Молчание слова. Путь Дюрера, пройденный с Иеронимом - [2]

Шрифт
Интервал

В Константинополе сложилась его великолепная дружба со знаменитым теологом, выросшим на классической античности, Григорием Назианзином, который познакомил Иеронима с трудами Оригена, крупнейшего его предшественника как церковного толкователя Писания. Иероним принялся за переводы сочинений Оригена, ставшего впоследствии средоточием внутренней и внешней драмы всей его жизни: тот был, в рамках достижений своей эпохи, изощрённым мастером филологической критики библейского текста, однако для него историческое содержание Библии было лишь материалом для духовного (аллегорического) толкования. Поистине жгучая проблема, затеняемая чёрным полемическим дымом, заключалась для Иеронима в следующем: содержится ли дух Библии целиком в её букве или он поднимается над нею?

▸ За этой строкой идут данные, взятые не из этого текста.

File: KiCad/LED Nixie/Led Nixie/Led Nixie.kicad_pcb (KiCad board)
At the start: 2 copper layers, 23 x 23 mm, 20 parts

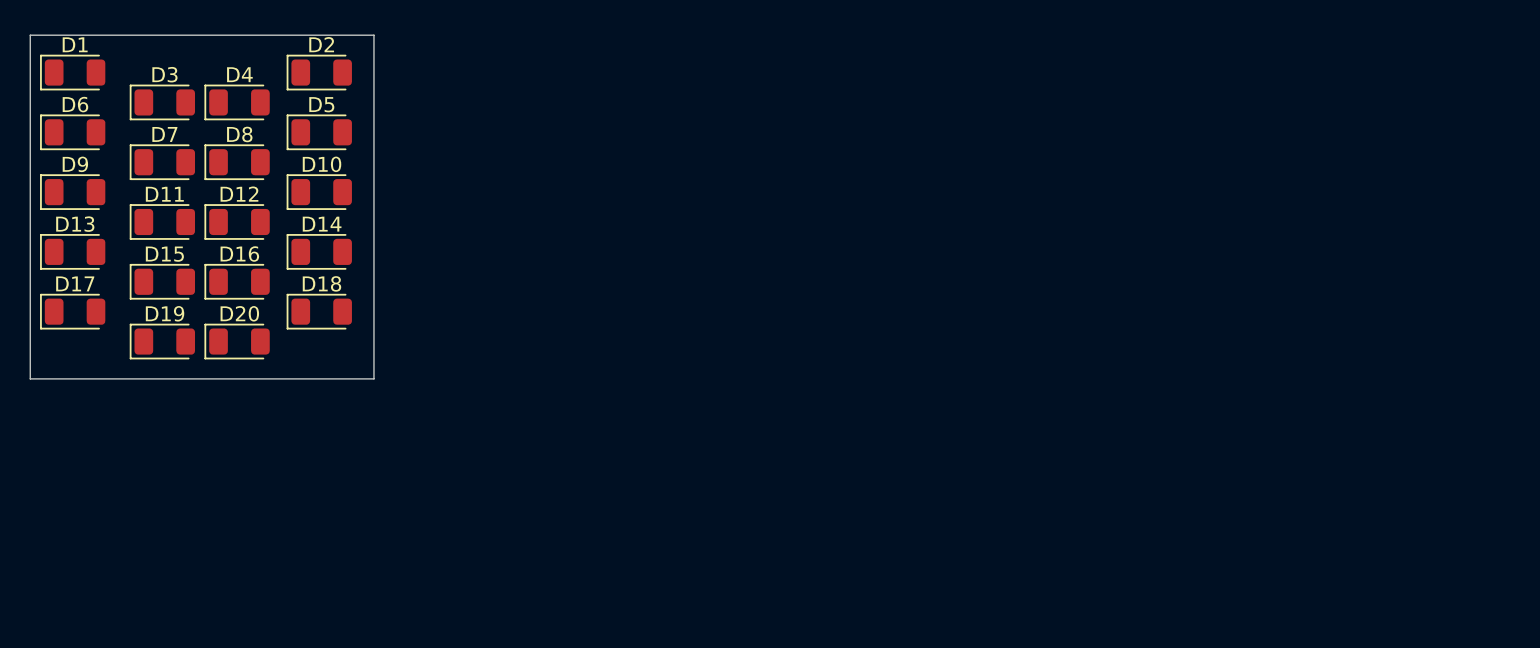
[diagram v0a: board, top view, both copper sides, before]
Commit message: Updated Nixie-PCB
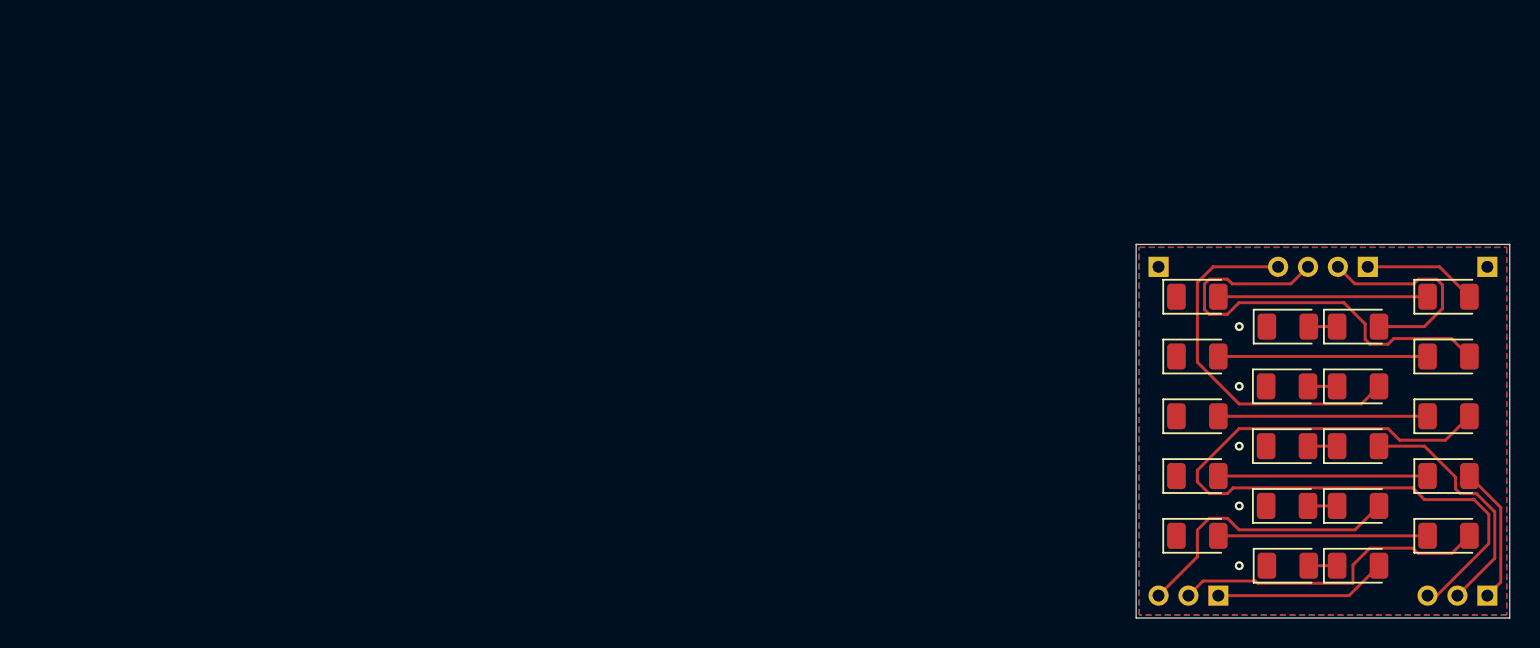
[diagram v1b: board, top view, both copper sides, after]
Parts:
- added J1: Conn_01x04, Connector_PinHeader_2.00mm:PinHeader_1x04_P2.00mm_Vertical, B.Cu at (103.0, 29.0)
- added J2: Conn_01x03, Connector_PinHeader_2.00mm:PinHeader_1x03_P2.00mm_Vertical, B.Cu at (111.0, 51.0)
- added J3: Conn_01x03, Connector_PinHeader_2.00mm:PinHeader_1x03_P2.00mm_Vertical, B.Cu at (93.0, 51.0)
- added J4: Conn_01x01, Connector_PinHeader_2.00mm:PinHeader_1x01_P2.00mm_Vertical, B.Cu at (89.0, 29.0)
- added J5: Conn_01x01, Connector_PinHeader_2.00mm:PinHeader_1x01_P2.00mm_Vertical, B.Cu at (111.0, 29.0)
- D1, D10, D11, D12, D13, D14, D15, D16, D2, D3, D4, D5, D6, D7, D8, D9: footprint LED_SMD:LED_1206_3216Metric -> custom_footprints:LED_1206_3216Metric_nosilkscreen
- D17: renamed from D18; footprint LED_SMD:LED_1206_3216Metric -> custom_footprints:LED_1206_3216Metric_nosilkscreen
- D18: renamed from D17; footprint LED_SMD:LED_1206_3216Metric -> custom_footprints:LED_1206_3216Metric_nosilkscreen
- D19: renamed from D20; footprint LED_SMD:LED_1206_3216Metric -> custom_footprints:LED_1206_3216Metric_nosilkscreen
- D20: renamed from D19; footprint LED_SMD:LED_1206_3216Metric -> custom_footprints:LED_1206_3216Metric_nosilkscreen
- moved D1 93.1 mm to (108.4, 31.0)
- moved D13 93.1 mm to (108.4, 43.0)
- moved D9 93.1 mm to (108.4, 39.0)
- moved D11 81.2 mm to (102.3, 41.0)
- moved D15 81.2 mm to (102.3, 45.0)
- moved D3 81.2 mm to (102.3, 33.0)
- moved D7 81.2 mm to (102.3, 37.0)
- moved D17 76.9 mm to (108.4, 47.0)
- moved D5 76.9 mm to (108.4, 35.0)
- moved D20 76.6 mm to (97.7, 49.0)
- moved D18 76.6 mm to (91.6, 47.0)
- moved D6 76.6 mm to (91.6, 35.0)
- moved D19 76.3 mm to (102.3, 49.0)
- moved D4 71.7 mm to (97.7, 33.0)
- moved D12 71.7 mm to (97.6, 41.0)
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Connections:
- D1 pad 1: unconnected-(D1-K-Pad1) -> Net-(D1-K)
- D1 pad 2: unconnected-(D1-A-Pad2) -> Net-(D1-A)
- D10 pad 1: unconnected-(D10-K-Pad1) -> GND
- D10 pad 2: unconnected-(D10-A-Pad2) -> Net-(D10-A)
- D11 pad 1: unconnected-(D11-K-Pad1) -> Net-(D11-K)
- D11 pad 2: unconnected-(D11-A-Pad2) -> Net-(D11-A)
- D12 pad 1: unconnected-(D12-K-Pad1) -> GND
- D12 pad 2: unconnected-(D12-A-Pad2) -> Net-(D11-K)
- D13 pad 1: unconnected-(D13-K-Pad1) -> Net-(D13-K)
- D13 pad 2: unconnected-(D13-A-Pad2) -> Net-(D13-A)
- D14 pad 1: unconnected-(D14-K-Pad1) -> GND
- D14 pad 2: unconnected-(D14-A-Pad2) -> Net-(D13-K)
- D15 pad 1: unconnected-(D15-K-Pad1) -> Net-(D15-K)
- D15 pad 2: unconnected-(D15-A-Pad2) -> Net-(D15-A)
- D16 pad 1: unconnected-(D16-K-Pad1) -> GND
- D16 pad 2: unconnected-(D16-A-Pad2) -> Net-(D15-K)
- D17 pad 1: unconnected-(D18-K-Pad1) -> Net-(D17-K)
- D17 pad 2: unconnected-(D18-A-Pad2) -> Net-(D17-A)
- D18 pad 1: unconnected-(D17-K-Pad1) -> GND
- D18 pad 2: unconnected-(D17-A-Pad2) -> Net-(D17-K)
- D19 pad 1: unconnected-(D20-K-Pad1) -> Net-(D19-K)
- D19 pad 2: unconnected-(D20-A-Pad2) -> Net-(D19-A)
- D2 pad 1: unconnected-(D2-K-Pad1) -> GND
- D2 pad 2: unconnected-(D2-A-Pad2) -> Net-(D1-K)
- D20 pad 1: unconnected-(D19-K-Pad1) -> GND
- D20 pad 2: unconnected-(D19-A-Pad2) -> Net-(D19-K)
- D3 pad 1: unconnected-(D3-K-Pad1) -> Net-(D3-K)
- D3 pad 2: unconnected-(D3-A-Pad2) -> Net-(D3-A)
- D4 pad 1: unconnected-(D4-K-Pad1) -> GND
- D4 pad 2: unconnected-(D4-A-Pad2) -> Net-(D3-K)
- D5 pad 1: unconnected-(D5-K-Pad1) -> Net-(D5-K)
- D5 pad 2: unconnected-(D5-A-Pad2) -> Net-(D5-A)
- D6 pad 1: unconnected-(D6-K-Pad1) -> GND
- D6 pad 2: unconnected-(D6-A-Pad2) -> Net-(D5-K)
- D7 pad 1: unconnected-(D7-K-Pad1) -> Net-(D7-K)
- D7 pad 2: unconnected-(D7-A-Pad2) -> Net-(D7-A)
- D8 pad 1: unconnected-(D8-K-Pad1) -> GND
- D8 pad 2: unconnected-(D8-A-Pad2) -> Net-(D7-K)
- D9 pad 1: unconnected-(D9-K-Pad1) -> Net-(D10-A)
- D9 pad 2: unconnected-(D9-A-Pad2) -> Net-(D9-A)
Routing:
- net Net-(D9-A): track 0.00 -> 49.3 mm
- net Net-(D5-A): track 0.00 -> 30.0 mm
- net Net-(D7-A): track 0.00 -> 25.0 mm
- net Net-(D17-A): track 0.00 -> 21.6 mm
- net Net-(D15-A): track 0.00 -> 18.9 mm
- net Net-(D11-A): track 0.00 -> 16.7 mm
- net Net-(D3-A): track 0.00 -> 14.1 mm
- net Net-(D5-K): track 0.00 -> 14.0 mm
- net Net-(D17-K): track 0.00 -> 14.0 mm
- net Net-(D13-K): track 0.00 -> 14.0 mm
- net Net-(D10-A): track 0.00 -> 14.0 mm
- net Net-(D1-K): track 0.00 -> 14.0 mm
- net Net-(D19-A): track 0.00 -> 11.6 mm
- net Net-(D13-A): track 0.00 -> 9.24 mm
- net Net-(D1-A): track 0.00 -> 7.63 mm
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- added copper zone on B.Cu, net GND
- added copper zone on F.Cu, net GND
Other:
- board size 23 x 23 mm -> 25 x 25 mm
- board text added: "JLCJLCJLC"
- board text added: "LED-Nixie"
- board text added: "Rev.A - 06/24"
- board text added: "github.com/d3molite/LED-Nixie"

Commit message: updated PCB
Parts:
- moved J1 6.10 mm to (96.9, 29.0), turned to -90 degrees
- moved J2 4.00 mm to (107.0, 51.0), turned to -90 degrees
- moved J3 4.00 mm to (89.0, 51.0), turned to -90 degrees
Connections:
- J2 pad 1: Net-(D13-A) -> Net-(D9-A)
- J2 pad 3: Net-(D9-A) -> Net-(D13-A)
- J3 pad 1: Net-(D19-A) -> Net-(D15-A)
- J3 pad 3: Net-(D15-A) -> Net-(D19-A)
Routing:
- net Net-(D5-A): track 30.0 -> 64.0 mm
- net Net-(D1-A): track 7.63 -> 40.4 mm
- net Net-(D7-A): track 25.0 -> 40.1 mm
- net Net-(D3-A): track 14.1 -> 24.2 mm
- net GND: track 0.00 -> 9.10 mm

Альбрехт Дюрер. Портрет Эразма. 1520. Этюд.

Бумага, чёрный мел. 37,3 × 26,8 см


Ещё три года протекли в Риме, где он – секретарь римского папы Дамасия, его советник по библейским вопросам; здесь же он заново прорабатывает латинские Евангелия и вносит в их текст 3500 поправок. Он также ведёт библейские занятия в кружках римских матрон и девиц, при этом бичует изнеженный и паразитически настроенный римский клир оружием Ювенала с помощью карикатурных гипербол, напоминающих позднейшие сатиры Эразма, и даже более острых. Скажем сразу: в полемике Иероним не знал меры, был чрезмерно угрюм и сварлив. Стоило кому-то его задеть (такое довелось испытать Августину), как он затевал перепалку и порой оставался непримиримым вплоть до смерти своих противников (вспомним Руфина Аквилейского, друга юности, а затем заклятого врага Иеронима). Недоразумение, благодаря которому его эмблемой считается рыкающий лев, приобретает более глубокий смысл.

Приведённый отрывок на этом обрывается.